*TASK BRIEF:* Find every line in the records below that holds the word "Mode" and copy it.

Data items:
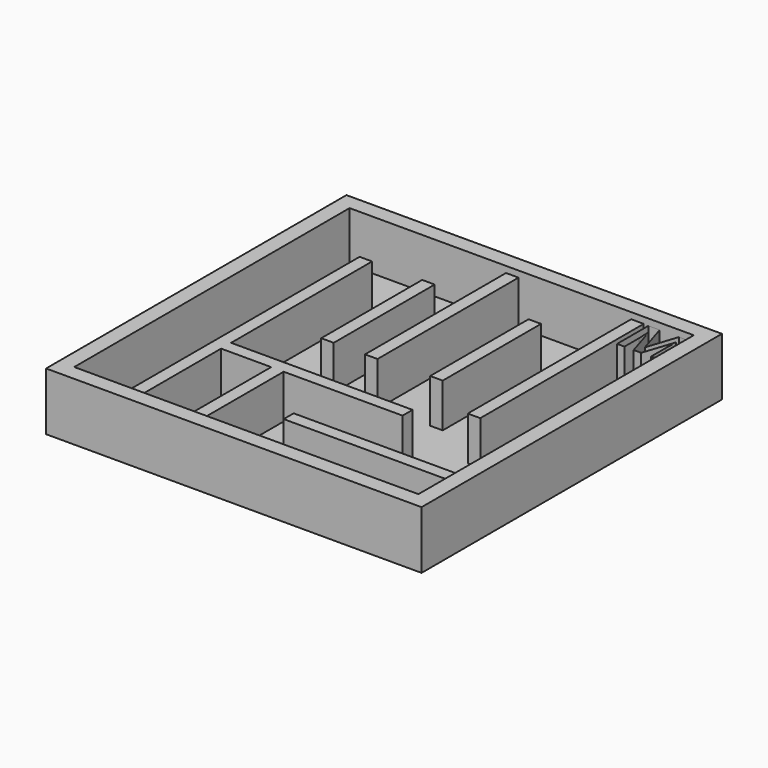
from build123d import *

# Parameters (mm, degrees)
F0_W         = 38.1
F0_H         = 38.1
F1_DEPTH     = 0.79375
F2_W         = 38.1
F2_H         = 38.1
F2_W_2       = 34.925
F2_H_2       = 34.925
F3_DEPTH     = 5.08
F4_W         = 1.27
F4_H         = 12.8048420015
F4_H_2       = 17.8848420015
F4_H_3       = 12.4767818307
F4_H_4       = 20.7282226267
F4_W_2       = 17.145
F4_H_5       = 1.27
F5_DEPTH     = 4.445
F4_TEXT_SIZE = 5.5579939571
F6_DEPTH     = 4.445
F4_R         = 1.27
F7_DEPTH     = 0.396875


# Not quite as in the source:
# - Text() gives the source's letters only with a copy of the font that has no kerning and outlines rounded to 1/6400 em; it was checked with that copy


with BuildPart() as f1:
    # F0 (on Top) → F1 (new body)
    with BuildSketch(Plane.XY):
        with Locations((-1.3391338289, 1.1490499321)):
            Rectangle(F0_W, F0_H)
    extrude(amount=F1_DEPTH)

    # F2 (on face) → F3 (join)
    with BuildSketch(Plane.XY.offset(0.79375)):
        with Locations((-1.3391338289, 1.1490499321)):
            Rectangle(F2_W, F2_H)
        with Locations((-1.3391338289, 1.1490499321)):
            Rectangle(F2_W_2, F2_H_2, mode=Mode.SUBTRACT)
    extrude(amount=F3_DEPTH)

    # F4 (on face) → F5 (join)
    with BuildSketch(Plane.XY.offset(0.79375)):
        Polygon((-13.7216338289, -16.3134500679), (-12.4516338289, -16.3134500679), (-12.4516338289, -5.6232920694), (-7.3716338289, -5.6232920694), (-7.3716338289, -16.3134500679), (-6.1016338289, -16.3134500679), (-6.1016338289, -5.6232920694), (5.9633661711, -5.6232920694), (5.9633661711, -4.3532920694), (-12.4516338289, -4.3532920694), (-12.4516338289, 13.5315499321), (-13.7216338289, 13.5315499321), align=None)
        with Locations((-6.7366338289, 7.1291289313)):
            Rectangle(F4_W, F4_H)
        with Locations((-2.2916338289, 9.6691289313)):
            Rectangle(F4_W, F4_H_2)
        with Locations((4.0583661711, 7.2931590167)):
            Rectangle(F4_W, F4_H_3)
        with Locations((10.4083661711, 8.2474386187)):
            Rectangle(F4_W, F4_H_4)
        with Locations((7.5508661711, -11.3382920694)):
            Rectangle(F4_W_2, F4_H_5)
    extrude(amount=F5_DEPTH)

    # F4 (on face) → F6 (join)
    with BuildSketch(Plane.XY.offset(0.79375)):
        with Locations((11.0433661711, 14.6097942829)):
            Text('M', F4_TEXT_SIZE, font='Open Sans', font_style=FontStyle.BOLD, text_align=(TextAlign.LEFT, TextAlign.BOTTOM))
    extrude(amount=F6_DEPTH)

    # F4 (on face) → F7 (cut)
    with BuildSketch(Plane.XY.offset(0.79375)):
        with Locations((-16.2616338289, -12.2631704435)):
            Circle(F4_R)
        with Locations((12.3133661711, -13.9391720295)):
            Circle(F4_R)
    extrude(amount=-F7_DEPTH, mode=Mode.SUBTRACT)


solid = f1.part

*COMPLETED EXERCISE:*
            Rectangle(F2_W_2, F2_H_2, mode=Mode.SUBTRACT)
    extrude(amount=-F7_DEPTH, mode=Mode.SUBTRACT)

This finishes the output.